### EXERCISE PROMPT
Without the pictures, give every record again exactly.

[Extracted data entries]

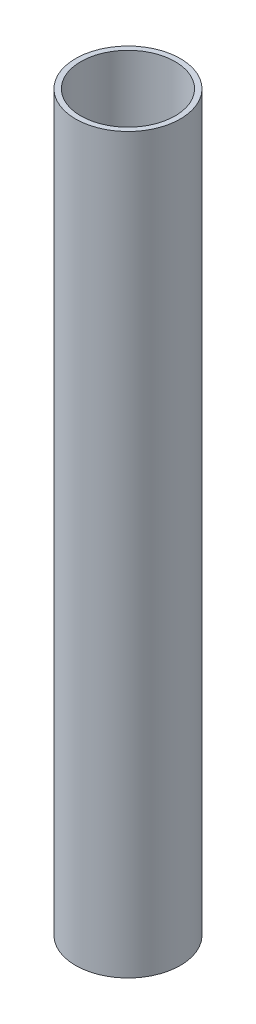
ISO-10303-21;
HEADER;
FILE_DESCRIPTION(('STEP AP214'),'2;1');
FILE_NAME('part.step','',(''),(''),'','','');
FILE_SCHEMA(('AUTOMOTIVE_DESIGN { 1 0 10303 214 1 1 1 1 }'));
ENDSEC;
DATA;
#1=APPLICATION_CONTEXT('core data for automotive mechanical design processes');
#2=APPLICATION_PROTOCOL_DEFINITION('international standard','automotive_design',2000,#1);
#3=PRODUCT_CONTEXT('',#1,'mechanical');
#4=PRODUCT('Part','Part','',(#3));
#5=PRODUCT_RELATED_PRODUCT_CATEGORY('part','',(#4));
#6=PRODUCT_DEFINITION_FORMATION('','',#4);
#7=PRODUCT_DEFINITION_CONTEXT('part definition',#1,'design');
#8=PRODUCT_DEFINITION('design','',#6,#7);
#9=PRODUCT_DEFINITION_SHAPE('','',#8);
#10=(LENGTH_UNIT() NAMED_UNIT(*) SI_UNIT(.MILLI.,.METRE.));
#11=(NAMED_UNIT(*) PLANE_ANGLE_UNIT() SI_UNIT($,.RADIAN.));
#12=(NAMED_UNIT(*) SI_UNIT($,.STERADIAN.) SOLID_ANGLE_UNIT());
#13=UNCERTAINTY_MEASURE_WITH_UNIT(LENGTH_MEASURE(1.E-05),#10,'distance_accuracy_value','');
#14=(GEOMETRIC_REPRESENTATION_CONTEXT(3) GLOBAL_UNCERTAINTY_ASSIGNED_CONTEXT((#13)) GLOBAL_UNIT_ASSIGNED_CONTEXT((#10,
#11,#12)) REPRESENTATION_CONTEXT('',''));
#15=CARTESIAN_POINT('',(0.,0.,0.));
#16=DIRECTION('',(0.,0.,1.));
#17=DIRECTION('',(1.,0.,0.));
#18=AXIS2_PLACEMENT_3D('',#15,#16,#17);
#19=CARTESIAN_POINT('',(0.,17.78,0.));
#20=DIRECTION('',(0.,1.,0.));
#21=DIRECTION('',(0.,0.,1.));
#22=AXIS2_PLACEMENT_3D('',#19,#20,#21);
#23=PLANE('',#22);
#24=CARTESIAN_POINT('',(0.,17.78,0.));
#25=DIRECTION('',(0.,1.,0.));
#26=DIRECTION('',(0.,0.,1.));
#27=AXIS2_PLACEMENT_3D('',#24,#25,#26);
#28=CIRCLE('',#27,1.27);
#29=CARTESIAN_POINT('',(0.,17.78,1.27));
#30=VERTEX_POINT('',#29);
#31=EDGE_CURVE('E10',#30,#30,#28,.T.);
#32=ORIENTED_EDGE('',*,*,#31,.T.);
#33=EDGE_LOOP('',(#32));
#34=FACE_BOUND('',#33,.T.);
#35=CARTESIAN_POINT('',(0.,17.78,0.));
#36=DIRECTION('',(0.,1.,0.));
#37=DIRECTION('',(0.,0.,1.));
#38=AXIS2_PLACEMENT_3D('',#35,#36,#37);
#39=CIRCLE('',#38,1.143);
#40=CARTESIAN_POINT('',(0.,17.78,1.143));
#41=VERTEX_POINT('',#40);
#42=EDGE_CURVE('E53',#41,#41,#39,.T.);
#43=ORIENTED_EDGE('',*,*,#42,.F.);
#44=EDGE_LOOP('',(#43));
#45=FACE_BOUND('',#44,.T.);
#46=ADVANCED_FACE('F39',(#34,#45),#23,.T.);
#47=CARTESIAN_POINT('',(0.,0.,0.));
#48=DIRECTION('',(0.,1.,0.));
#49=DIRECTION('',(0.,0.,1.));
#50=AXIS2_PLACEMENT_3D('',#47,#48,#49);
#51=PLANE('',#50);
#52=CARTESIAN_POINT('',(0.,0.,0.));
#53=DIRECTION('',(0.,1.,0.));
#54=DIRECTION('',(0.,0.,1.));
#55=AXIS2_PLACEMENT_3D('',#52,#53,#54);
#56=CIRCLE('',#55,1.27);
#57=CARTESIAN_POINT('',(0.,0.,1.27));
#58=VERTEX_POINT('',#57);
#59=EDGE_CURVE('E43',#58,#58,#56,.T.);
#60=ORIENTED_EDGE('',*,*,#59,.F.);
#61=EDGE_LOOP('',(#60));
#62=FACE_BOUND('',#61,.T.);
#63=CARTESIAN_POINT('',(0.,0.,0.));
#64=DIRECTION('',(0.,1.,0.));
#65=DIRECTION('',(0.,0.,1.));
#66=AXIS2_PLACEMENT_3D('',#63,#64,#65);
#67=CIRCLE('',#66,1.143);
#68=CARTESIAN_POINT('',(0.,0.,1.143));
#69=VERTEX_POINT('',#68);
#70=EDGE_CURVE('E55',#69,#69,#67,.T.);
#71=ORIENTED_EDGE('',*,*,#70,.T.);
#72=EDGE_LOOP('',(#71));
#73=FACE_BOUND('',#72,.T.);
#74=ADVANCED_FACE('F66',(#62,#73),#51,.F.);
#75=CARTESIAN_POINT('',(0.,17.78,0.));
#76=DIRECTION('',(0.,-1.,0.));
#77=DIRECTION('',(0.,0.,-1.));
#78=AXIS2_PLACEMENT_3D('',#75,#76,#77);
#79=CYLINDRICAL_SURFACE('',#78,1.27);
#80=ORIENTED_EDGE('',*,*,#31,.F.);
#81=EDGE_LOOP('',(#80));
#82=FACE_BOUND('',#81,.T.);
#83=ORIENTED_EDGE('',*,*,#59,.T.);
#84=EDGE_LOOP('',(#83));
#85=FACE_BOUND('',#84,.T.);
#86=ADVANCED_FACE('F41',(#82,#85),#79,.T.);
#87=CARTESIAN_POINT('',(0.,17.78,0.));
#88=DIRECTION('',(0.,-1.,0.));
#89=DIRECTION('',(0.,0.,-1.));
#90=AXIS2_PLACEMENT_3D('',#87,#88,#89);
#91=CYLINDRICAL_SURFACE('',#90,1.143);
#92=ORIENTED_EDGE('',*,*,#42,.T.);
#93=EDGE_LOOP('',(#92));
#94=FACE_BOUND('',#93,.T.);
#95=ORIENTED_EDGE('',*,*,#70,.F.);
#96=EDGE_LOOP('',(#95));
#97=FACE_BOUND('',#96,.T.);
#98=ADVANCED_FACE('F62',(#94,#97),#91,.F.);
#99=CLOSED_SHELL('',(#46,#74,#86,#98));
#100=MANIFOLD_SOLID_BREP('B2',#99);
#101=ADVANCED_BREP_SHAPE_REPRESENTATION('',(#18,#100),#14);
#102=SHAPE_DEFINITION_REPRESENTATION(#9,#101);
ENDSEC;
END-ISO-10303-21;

### OUTPUT
ISO-10303-21;
HEADER;
FILE_DESCRIPTION(('STEP AP214'),'2;1');
FILE_NAME('part.step','',(''),(''),'','','');
FILE_SCHEMA(('AUTOMOTIVE_DESIGN { 1 0 10303 214 1 1 1 1 }'));
ENDSEC;
DATA;
#1=APPLICATION_CONTEXT('core data for automotive mechanical design processes');
#2=APPLICATION_PROTOCOL_DEFINITION('international standard','automotive_design',2000,#1);
#3=PRODUCT_CONTEXT('',#1,'mechanical');
#4=PRODUCT('Part','Part','',(#3));
#5=PRODUCT_RELATED_PRODUCT_CATEGORY('part','',(#4));
#6=PRODUCT_DEFINITION_FORMATION('','',#4);
#7=PRODUCT_DEFINITION_CONTEXT('part definition',#1,'design');
#8=PRODUCT_DEFINITION('design','',#6,#7);
#9=PRODUCT_DEFINITION_SHAPE('','',#8);
#10=(LENGTH_UNIT() NAMED_UNIT(*) SI_UNIT(.MILLI.,.METRE.));
#11=(NAMED_UNIT(*) PLANE_ANGLE_UNIT() SI_UNIT($,.RADIAN.));
#12=(NAMED_UNIT(*) SI_UNIT($,.STERADIAN.) SOLID_ANGLE_UNIT());
#13=UNCERTAINTY_MEASURE_WITH_UNIT(LENGTH_MEASURE(1.E-05),#10,'distance_accuracy_value','');
#14=(GEOMETRIC_REPRESENTATION_CONTEXT(3) GLOBAL_UNCERTAINTY_ASSIGNED_CONTEXT((#13)) GLOBAL_UNIT_ASSIGNED_CONTEXT((#10,
#11,#12)) REPRESENTATION_CONTEXT('',''));
#15=CARTESIAN_POINT('',(0.,0.,0.));
#16=DIRECTION('',(0.,0.,1.));
#17=DIRECTION('',(1.,0.,0.));
#18=AXIS2_PLACEMENT_3D('',#15,#16,#17);
#19=CARTESIAN_POINT('',(0.,17.78,0.));
#20=DIRECTION('',(0.,1.,0.));
#21=DIRECTION('',(0.,0.,1.));
#22=AXIS2_PLACEMENT_3D('',#19,#20,#21);
#23=PLANE('',#22);
#24=CARTESIAN_POINT('',(0.,17.78,0.));
#25=DIRECTION('',(0.,1.,0.));
#26=DIRECTION('',(0.,0.,1.));
#27=AXIS2_PLACEMENT_3D('',#24,#25,#26);
#28=CIRCLE('',#27,1.27);
#29=CARTESIAN_POINT('',(0.,17.78,1.27));
#30=VERTEX_POINT('',#29);
#31=EDGE_CURVE('E10',#30,#30,#28,.T.);
#32=ORIENTED_EDGE('',*,*,#31,.T.);
#33=EDGE_LOOP('',(#32));
#34=FACE_BOUND('',#33,.T.);
#35=CARTESIAN_POINT('',(0.,17.78,0.));
#36=DIRECTION('',(0.,1.,0.));
#37=DIRECTION('',(0.,0.,1.));
#38=AXIS2_PLACEMENT_3D('',#35,#36,#37);
#39=CIRCLE('',#38,1.143);
#40=CARTESIAN_POINT('',(0.,17.78,1.143));
#41=VERTEX_POINT('',#40);
#42=EDGE_CURVE('E53',#41,#41,#39,.T.);
#43=ORIENTED_EDGE('',*,*,#42,.F.);
#44=EDGE_LOOP('',(#43));
#45=FACE_BOUND('',#44,.T.);
#46=ADVANCED_FACE('F39',(#34,#45),#23,.T.);
#47=CARTESIAN_POINT('',(0.,0.,0.));
#48=DIRECTION('',(0.,1.,0.));
#49=DIRECTION('',(0.,0.,1.));
#50=AXIS2_PLACEMENT_3D('',#47,#48,#49);
#51=PLANE('',#50);
#52=CARTESIAN_POINT('',(0.,0.,0.));
#53=DIRECTION('',(0.,1.,0.));
#54=DIRECTION('',(0.,0.,1.));
#55=AXIS2_PLACEMENT_3D('',#52,#53,#54);
#56=CIRCLE('',#55,1.27);
#57=CARTESIAN_POINT('',(0.,0.,1.27));
#58=VERTEX_POINT('',#57);
#59=EDGE_CURVE('E43',#58,#58,#56,.T.);
#60=ORIENTED_EDGE('',*,*,#59,.F.);
#61=EDGE_LOOP('',(#60));
#62=FACE_BOUND('',#61,.T.);
#63=CARTESIAN_POINT('',(0.,0.,0.));
#64=DIRECTION('',(0.,1.,0.));
#65=DIRECTION('',(0.,0.,1.));
#66=AXIS2_PLACEMENT_3D('',#63,#64,#65);
#67=CIRCLE('',#66,1.143);
#68=CARTESIAN_POINT('',(0.,0.,1.143));
#69=VERTEX_POINT('',#68);
#70=EDGE_CURVE('E55',#69,#69,#67,.T.);
#71=ORIENTED_EDGE('',*,*,#70,.T.);
#72=EDGE_LOOP('',(#71));
#73=FACE_BOUND('',#72,.T.);
#74=ADVANCED_FACE('F66',(#62,#73),#51,.F.);
#75=CARTESIAN_POINT('',(0.,17.78,0.));
#76=DIRECTION('',(0.,-1.,0.));
#77=DIRECTION('',(0.,0.,-1.));
#78=AXIS2_PLACEMENT_3D('',#75,#76,#77);
#79=CYLINDRICAL_SURFACE('',#78,1.27);
#80=ORIENTED_EDGE('',*,*,#31,.F.);
#81=EDGE_LOOP('',(#80));
#82=FACE_BOUND('',#81,.T.);
#83=ORIENTED_EDGE('',*,*,#59,.T.);
#84=EDGE_LOOP('',(#83));
#85=FACE_BOUND('',#84,.T.);
#86=ADVANCED_FACE('F41',(#82,#85),#79,.T.);
#87=CARTESIAN_POINT('',(0.,17.78,0.));
#88=DIRECTION('',(0.,-1.,0.));
#89=DIRECTION('',(0.,0.,-1.));
#90=AXIS2_PLACEMENT_3D('',#87,#88,#89);
#91=CYLINDRICAL_SURFACE('',#90,1.143);
#92=ORIENTED_EDGE('',*,*,#42,.T.);
#93=EDGE_LOOP('',(#92));
#94=FACE_BOUND('',#93,.T.);
#95=ORIENTED_EDGE('',*,*,#70,.F.);
#96=EDGE_LOOP('',(#95));
#97=FACE_BOUND('',#96,.T.);
#98=ADVANCED_FACE('F62',(#94,#97),#91,.F.);
#99=CLOSED_SHELL('',(#46,#74,#86,#98));
#100=MANIFOLD_SOLID_BREP('B2',#99);
#101=ADVANCED_BREP_SHAPE_REPRESENTATION('',(#18,#100),#14);
#102=SHAPE_DEFINITION_REPRESENTATION(#9,#101);
ENDSEC;
END-ISO-10303-21;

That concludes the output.